Police Arrest Seven Washington U Students at Protest Against Peabody Coal Exec

May 5, 2014 at 7:00 am
click to enlarge One of seven students arrested Friday at a Washington University protest against Peabody Energy. - Photos courtesy of Students Against Peabody
Photos courtesy of Students Against Peabody
One of seven students arrested Friday at a Washington University protest against Peabody Energy.

After ending a seventeen-day sit-in to protest Washington University's close ties to coal giant Peabody Energy, seven students were arrested Friday while attempting to enter a board of trustees meeting and ask Peabody's chairman and CEO Greg Boyce to resign from the school's board.

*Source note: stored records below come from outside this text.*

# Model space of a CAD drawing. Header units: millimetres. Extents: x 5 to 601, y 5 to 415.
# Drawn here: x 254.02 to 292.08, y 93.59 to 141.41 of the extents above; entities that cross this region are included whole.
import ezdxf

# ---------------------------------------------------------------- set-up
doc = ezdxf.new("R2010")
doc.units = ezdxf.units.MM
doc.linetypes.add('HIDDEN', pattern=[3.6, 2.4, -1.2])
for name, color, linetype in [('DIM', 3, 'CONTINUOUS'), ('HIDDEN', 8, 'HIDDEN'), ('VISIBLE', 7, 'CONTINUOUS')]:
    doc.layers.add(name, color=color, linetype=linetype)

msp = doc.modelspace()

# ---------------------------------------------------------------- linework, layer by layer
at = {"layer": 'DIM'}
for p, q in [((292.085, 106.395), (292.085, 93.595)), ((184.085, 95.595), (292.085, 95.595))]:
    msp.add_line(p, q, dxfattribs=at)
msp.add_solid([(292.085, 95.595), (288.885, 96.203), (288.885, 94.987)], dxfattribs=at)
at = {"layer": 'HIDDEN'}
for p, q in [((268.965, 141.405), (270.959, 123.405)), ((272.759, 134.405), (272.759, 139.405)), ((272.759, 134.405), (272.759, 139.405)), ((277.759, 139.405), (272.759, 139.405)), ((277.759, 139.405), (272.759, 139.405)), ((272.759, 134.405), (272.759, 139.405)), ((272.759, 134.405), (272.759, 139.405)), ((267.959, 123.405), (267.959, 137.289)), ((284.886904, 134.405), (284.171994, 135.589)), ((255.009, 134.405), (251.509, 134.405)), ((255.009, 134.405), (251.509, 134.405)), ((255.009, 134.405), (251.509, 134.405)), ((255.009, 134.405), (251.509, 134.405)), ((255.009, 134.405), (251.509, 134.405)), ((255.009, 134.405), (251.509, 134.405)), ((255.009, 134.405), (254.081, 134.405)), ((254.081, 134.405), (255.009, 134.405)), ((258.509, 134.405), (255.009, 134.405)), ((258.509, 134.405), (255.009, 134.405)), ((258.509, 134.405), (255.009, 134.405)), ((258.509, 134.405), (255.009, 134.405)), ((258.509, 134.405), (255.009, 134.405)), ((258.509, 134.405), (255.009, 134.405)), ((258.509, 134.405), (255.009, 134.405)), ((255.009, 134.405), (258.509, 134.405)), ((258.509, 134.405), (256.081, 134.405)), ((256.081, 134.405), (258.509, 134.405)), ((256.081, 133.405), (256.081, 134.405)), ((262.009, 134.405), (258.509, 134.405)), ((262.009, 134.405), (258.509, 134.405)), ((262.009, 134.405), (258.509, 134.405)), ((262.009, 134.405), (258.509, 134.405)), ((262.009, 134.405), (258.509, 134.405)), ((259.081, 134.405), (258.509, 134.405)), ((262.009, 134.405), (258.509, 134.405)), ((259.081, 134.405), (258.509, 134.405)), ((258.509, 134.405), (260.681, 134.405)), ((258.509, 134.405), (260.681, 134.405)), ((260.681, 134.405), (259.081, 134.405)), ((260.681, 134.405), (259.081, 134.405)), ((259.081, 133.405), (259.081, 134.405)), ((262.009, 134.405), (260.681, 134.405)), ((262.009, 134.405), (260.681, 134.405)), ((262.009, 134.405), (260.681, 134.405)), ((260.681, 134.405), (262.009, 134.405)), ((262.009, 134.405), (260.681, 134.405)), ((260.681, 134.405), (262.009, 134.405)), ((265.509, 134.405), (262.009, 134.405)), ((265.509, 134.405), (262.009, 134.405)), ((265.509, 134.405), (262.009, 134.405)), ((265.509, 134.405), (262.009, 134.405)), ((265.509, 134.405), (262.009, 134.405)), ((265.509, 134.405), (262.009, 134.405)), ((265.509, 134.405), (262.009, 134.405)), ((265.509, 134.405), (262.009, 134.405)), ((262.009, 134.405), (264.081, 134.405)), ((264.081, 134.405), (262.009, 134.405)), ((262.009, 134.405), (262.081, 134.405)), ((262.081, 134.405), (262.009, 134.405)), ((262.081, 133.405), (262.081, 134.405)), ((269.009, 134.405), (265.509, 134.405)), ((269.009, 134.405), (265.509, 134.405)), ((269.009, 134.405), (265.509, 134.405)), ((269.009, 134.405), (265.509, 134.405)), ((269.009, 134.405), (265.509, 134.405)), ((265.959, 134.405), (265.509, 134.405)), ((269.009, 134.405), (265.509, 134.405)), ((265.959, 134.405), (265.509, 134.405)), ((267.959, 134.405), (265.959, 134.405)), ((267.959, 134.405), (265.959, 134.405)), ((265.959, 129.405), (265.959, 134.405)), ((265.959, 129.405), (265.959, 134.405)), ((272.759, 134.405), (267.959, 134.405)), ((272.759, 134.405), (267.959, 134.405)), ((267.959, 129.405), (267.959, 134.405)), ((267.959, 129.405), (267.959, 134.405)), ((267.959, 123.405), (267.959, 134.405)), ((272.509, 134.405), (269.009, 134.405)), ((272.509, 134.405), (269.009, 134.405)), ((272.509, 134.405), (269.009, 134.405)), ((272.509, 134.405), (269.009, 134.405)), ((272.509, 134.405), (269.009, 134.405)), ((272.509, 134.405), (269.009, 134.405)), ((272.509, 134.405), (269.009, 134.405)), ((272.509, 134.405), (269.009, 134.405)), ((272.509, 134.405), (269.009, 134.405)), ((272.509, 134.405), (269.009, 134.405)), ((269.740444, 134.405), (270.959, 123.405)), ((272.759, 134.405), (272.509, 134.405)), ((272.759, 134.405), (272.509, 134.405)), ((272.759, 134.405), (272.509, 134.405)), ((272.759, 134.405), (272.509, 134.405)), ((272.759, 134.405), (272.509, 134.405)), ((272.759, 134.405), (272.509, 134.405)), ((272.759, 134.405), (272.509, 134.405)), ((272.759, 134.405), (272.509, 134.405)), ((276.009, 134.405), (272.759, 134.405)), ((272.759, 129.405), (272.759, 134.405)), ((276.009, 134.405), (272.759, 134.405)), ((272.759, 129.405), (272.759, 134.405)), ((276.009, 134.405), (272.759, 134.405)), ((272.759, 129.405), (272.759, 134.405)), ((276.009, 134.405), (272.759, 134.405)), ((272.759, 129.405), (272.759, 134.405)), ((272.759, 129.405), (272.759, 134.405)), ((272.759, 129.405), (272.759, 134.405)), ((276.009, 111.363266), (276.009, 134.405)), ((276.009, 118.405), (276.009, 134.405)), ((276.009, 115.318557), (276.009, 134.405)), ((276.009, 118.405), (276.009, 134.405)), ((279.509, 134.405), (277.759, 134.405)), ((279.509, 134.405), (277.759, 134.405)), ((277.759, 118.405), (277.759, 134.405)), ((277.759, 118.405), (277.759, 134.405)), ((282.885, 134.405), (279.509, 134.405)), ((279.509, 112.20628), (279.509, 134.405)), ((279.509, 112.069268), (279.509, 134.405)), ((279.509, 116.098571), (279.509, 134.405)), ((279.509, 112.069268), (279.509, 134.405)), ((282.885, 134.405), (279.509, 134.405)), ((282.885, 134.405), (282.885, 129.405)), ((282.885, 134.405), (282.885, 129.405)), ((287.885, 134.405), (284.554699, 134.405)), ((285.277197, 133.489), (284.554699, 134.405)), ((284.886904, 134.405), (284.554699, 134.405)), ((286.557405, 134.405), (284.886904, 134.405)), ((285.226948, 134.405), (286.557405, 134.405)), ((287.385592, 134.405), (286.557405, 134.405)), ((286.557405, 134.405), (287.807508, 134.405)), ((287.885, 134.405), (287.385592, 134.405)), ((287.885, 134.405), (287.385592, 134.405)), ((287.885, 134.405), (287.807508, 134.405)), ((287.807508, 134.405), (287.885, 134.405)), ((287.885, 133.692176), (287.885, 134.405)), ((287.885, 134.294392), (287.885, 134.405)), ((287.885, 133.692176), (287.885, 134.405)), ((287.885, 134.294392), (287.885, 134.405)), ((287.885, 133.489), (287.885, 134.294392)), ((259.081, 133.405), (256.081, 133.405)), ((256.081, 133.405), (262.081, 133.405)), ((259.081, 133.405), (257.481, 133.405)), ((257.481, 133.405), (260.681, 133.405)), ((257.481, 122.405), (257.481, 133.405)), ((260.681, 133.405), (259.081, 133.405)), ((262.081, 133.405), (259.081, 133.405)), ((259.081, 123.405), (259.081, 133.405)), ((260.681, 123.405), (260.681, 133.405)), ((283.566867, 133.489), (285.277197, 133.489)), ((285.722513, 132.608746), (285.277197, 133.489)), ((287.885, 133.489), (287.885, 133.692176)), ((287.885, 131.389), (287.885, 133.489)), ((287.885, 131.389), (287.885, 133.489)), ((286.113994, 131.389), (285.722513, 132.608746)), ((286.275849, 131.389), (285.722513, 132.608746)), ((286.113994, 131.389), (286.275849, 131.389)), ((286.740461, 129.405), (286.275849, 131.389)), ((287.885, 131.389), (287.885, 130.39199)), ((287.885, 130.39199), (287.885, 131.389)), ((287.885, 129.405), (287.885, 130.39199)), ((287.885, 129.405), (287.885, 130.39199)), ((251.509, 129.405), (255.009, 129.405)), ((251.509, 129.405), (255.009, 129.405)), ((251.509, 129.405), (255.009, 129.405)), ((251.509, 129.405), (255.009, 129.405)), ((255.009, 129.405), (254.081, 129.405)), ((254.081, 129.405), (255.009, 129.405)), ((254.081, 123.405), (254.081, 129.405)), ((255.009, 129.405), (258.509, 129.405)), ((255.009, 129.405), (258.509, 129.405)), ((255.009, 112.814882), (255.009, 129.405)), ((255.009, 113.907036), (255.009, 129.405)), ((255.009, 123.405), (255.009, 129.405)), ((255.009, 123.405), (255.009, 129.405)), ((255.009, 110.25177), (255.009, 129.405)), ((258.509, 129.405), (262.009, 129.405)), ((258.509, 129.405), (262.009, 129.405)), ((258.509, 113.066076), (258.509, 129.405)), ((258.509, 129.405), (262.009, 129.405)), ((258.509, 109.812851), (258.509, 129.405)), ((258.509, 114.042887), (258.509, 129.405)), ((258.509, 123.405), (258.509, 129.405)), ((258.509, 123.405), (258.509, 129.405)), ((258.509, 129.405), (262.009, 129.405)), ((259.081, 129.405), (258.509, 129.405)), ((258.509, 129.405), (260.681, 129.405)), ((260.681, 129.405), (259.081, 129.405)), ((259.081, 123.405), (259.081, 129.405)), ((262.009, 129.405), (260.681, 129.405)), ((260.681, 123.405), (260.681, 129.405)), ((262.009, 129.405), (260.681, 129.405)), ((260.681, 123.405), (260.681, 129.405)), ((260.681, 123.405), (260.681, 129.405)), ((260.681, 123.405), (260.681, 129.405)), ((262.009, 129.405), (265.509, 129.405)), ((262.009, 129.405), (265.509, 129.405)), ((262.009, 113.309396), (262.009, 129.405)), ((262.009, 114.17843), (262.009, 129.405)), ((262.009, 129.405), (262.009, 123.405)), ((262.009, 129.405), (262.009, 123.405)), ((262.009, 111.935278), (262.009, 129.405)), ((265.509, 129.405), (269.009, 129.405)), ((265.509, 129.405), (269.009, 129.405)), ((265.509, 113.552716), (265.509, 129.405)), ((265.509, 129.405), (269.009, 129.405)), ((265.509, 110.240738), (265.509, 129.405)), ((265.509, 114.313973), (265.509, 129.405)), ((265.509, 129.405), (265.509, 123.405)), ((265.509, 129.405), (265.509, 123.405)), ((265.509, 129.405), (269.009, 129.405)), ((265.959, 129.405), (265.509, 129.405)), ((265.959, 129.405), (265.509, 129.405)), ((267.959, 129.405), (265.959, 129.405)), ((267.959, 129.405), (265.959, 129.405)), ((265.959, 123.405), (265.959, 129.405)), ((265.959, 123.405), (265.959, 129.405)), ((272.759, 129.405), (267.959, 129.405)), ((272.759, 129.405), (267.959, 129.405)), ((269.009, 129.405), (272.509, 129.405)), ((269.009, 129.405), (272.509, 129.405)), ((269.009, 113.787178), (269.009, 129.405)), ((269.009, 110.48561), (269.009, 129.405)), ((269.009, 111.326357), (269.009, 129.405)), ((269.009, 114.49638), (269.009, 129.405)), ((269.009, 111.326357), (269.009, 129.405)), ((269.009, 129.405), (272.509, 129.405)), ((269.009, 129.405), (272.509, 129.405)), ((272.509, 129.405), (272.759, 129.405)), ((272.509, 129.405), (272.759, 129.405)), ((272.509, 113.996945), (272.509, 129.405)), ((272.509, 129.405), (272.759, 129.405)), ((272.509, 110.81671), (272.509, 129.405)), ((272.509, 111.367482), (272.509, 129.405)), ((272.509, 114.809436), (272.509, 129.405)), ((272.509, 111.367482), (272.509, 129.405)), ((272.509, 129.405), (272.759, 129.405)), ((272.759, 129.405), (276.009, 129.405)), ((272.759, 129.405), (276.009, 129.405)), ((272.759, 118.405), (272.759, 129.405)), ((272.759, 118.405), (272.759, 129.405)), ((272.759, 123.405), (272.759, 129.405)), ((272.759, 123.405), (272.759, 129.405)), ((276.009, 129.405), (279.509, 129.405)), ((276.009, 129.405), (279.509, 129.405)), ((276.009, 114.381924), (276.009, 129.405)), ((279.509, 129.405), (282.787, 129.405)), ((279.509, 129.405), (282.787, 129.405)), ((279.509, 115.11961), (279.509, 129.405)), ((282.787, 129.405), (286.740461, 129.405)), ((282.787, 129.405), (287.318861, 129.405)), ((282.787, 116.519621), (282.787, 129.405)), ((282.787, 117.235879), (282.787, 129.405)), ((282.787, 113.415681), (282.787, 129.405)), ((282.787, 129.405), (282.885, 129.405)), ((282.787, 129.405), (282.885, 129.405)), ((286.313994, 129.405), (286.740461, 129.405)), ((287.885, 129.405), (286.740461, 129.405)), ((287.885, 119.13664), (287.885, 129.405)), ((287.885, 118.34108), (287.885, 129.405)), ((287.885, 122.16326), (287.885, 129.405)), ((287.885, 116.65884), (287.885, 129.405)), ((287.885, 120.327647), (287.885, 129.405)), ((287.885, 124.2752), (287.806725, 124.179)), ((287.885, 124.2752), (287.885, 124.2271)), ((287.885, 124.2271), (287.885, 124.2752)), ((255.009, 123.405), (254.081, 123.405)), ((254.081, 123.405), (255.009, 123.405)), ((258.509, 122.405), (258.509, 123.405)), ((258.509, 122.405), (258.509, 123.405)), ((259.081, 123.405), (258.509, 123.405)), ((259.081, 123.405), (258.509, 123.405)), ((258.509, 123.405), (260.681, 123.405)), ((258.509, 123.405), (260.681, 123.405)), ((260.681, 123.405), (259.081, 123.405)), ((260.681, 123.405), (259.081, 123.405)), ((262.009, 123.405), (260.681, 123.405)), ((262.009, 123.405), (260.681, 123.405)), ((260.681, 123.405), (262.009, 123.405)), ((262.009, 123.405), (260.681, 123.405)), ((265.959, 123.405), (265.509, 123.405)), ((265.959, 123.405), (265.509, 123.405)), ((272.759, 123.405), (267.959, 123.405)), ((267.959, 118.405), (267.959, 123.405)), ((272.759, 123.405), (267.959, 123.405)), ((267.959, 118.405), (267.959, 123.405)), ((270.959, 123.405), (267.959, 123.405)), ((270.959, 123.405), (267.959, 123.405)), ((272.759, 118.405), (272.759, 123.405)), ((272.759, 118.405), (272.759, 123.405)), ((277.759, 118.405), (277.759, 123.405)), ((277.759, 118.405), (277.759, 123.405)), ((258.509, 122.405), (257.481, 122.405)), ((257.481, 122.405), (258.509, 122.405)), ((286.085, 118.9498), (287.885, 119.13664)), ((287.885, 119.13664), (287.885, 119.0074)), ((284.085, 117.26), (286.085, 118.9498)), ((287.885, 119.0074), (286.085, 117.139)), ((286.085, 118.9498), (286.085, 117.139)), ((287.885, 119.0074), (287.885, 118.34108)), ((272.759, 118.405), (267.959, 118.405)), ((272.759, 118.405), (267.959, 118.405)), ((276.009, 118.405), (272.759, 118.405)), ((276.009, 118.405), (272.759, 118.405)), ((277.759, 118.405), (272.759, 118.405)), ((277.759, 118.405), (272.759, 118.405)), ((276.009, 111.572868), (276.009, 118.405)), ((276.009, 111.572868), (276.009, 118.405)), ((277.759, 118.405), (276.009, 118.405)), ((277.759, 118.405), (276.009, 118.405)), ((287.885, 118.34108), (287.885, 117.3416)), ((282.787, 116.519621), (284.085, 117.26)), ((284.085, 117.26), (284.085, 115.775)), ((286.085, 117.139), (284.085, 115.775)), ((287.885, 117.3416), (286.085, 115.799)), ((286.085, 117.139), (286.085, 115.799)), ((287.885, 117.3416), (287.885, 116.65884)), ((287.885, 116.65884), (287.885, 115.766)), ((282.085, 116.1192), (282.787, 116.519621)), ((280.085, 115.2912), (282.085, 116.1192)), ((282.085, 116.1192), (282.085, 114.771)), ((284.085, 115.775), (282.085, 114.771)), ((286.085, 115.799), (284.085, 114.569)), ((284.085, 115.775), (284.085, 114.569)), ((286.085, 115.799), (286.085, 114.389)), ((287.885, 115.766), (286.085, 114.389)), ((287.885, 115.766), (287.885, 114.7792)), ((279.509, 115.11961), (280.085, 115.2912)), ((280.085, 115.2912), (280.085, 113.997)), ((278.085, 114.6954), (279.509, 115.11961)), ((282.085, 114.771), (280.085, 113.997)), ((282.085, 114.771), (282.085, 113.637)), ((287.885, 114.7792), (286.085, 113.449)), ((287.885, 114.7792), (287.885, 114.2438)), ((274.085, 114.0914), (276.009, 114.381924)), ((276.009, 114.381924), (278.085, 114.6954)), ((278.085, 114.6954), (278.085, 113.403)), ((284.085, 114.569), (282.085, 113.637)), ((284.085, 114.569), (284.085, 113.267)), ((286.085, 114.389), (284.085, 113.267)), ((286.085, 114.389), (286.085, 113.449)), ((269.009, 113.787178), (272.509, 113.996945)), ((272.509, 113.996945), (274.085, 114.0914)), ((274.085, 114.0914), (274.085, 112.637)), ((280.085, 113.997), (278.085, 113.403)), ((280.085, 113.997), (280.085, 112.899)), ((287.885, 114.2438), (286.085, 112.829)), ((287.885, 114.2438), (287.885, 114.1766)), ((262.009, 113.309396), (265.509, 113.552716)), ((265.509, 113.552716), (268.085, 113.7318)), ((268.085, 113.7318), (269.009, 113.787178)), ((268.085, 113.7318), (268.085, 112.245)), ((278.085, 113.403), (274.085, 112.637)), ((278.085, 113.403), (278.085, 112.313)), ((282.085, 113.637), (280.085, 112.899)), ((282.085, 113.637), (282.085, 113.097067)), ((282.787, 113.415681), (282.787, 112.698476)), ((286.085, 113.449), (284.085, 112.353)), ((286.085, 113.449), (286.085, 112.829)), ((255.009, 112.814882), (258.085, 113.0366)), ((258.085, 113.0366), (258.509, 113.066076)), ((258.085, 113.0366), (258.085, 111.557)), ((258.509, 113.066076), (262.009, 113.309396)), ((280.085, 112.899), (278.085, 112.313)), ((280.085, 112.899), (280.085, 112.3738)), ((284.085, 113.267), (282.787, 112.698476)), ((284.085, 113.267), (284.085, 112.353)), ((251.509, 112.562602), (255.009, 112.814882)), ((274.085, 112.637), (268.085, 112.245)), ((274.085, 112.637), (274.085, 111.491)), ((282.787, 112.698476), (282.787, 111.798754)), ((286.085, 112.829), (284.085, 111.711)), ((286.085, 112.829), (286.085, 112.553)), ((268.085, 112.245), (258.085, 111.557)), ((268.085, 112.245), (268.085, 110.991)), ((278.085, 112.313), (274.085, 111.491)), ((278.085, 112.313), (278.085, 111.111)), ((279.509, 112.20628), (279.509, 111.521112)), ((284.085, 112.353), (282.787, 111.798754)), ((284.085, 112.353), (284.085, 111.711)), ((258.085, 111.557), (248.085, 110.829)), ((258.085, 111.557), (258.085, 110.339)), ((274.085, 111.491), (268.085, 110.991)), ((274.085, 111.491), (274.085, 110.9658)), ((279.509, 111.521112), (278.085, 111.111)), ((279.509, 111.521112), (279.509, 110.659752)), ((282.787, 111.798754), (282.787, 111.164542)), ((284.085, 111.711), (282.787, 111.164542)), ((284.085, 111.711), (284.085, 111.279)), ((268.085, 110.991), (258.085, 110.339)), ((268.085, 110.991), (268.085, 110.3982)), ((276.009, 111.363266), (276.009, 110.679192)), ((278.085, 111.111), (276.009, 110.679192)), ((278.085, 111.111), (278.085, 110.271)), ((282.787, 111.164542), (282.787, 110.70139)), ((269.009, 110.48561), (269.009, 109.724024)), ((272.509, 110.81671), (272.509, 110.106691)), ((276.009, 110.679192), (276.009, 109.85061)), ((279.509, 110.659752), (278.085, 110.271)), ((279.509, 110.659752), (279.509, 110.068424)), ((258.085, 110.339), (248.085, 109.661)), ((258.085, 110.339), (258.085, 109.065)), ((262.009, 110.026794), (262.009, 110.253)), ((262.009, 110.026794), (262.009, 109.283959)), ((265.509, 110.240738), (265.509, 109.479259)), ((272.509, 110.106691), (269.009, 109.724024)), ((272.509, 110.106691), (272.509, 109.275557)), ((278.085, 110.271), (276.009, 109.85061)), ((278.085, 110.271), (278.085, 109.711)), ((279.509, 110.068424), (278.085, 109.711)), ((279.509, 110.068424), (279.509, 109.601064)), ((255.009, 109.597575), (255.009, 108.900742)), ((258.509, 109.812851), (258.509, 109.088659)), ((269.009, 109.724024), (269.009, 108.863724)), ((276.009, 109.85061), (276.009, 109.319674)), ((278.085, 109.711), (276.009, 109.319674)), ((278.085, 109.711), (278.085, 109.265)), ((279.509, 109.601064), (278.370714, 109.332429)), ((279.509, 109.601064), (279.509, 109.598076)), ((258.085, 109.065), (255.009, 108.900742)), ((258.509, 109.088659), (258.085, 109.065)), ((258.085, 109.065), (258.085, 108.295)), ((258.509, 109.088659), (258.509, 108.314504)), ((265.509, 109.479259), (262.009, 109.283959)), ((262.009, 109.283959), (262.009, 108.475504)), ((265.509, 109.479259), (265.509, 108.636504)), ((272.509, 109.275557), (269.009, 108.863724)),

The seven students were part of a 100-person protest outside the meeting, where students and non-student activists sang, chanted and locked arms against police in an effort to convince the university to sever ties with Peabody, the world's largest private-sector coal company, which is based in St. Louis.

"I am proud to be standing up to Peabody Coal today," says Julia Ho, one of the students who was arrested. "For too long, fossil fuel corporations have used their partnerships with universities to legitimize their destructive and unjust business practices. That must stop. Students across the country are fighting back against the fossil fuel industry and will keep fighting back until until fossil fuels are off of our campuses."

See also: Thousands Protest Peabody Energy, Arch Coal in St. Louis; Sixeteen Arrested

University officials told students they'd be arrested if they tried to enter the meeting.

"We needed to take our fight directly to Boyce and to Peabody," says Caroline Burney, 22, an organizer behind the student protests and a senior studying environmental policy and anthropology. "We knew it was a possibility that they would arrest students, but as students at this university, we think we should have access to university buildings."

Update: Students were arrested by police for taking a step toward the building where the board of trustees was meeting. Burney says the group was still feet away from the door when police stepped in.

click to enlarge Students and non-student demonstrators protest Peabody Energy outside Washington University.
Students and non-student demonstrators protest Peabody Energy outside Washington University.

The Washington University Police Department charged the seven students with trespassing and peace disturbance. Police brought but didn't wear riot gear as they arrested students, according to the St. Louis Post-Dispatch.

"We thought the university police would be more reluctant to arrest students," Burney tells Daily RFT. "They came out in full force."

As part of last month's sit-in, the students demanded that the university remove Boyce from the board of trustees and that Chancellor Mark Wrighton attend a community-organized tour of Peabody extraction zones and issue a public statement about his experience. Wrighton refused but told media he welcomes a "constructive and respectful dialogue" with demonstrators.

See also: Anti-Coal Activists Want City to Wake Up to "Peabody Takeover"

The protesters, called Students Against Peabody, are aligned with Missourians Organizing for Reform and Empowerment, the group that stumped for a ballot initiative in St. Louis to ban fossil fuel corporations from receiving tax incentives; a judge took the measure off the ballot after a lawsuit.

Students say that's only one of the reasons they're protesting against the school's connections with Peabody. Student organizers list several motivations, including Peabody's contribution to global carbon emissions, participation in the American Legislative Exchange Council and the marginalization of indigenous and rural communities in places including Black Mesa, Arizona and Rocky Branch, Illinois.

click to enlarge Students demonstrating at Washington University Friday.
Students demonstrating at Washington University Friday.

"As long as Greg Boyce sits on our Board of Trustees, the school will never re-name the Consortium for Clean Coal Utilization, take a stance on Peabody's continuous record of social injustices, or meet any of our other demands," says Caitlin Lee, one of the Students Against Peabody organizers.

The arrest came a day after a Harvard University undergraduate student was arrested for blocking a door to a university building as part of an environmental protest.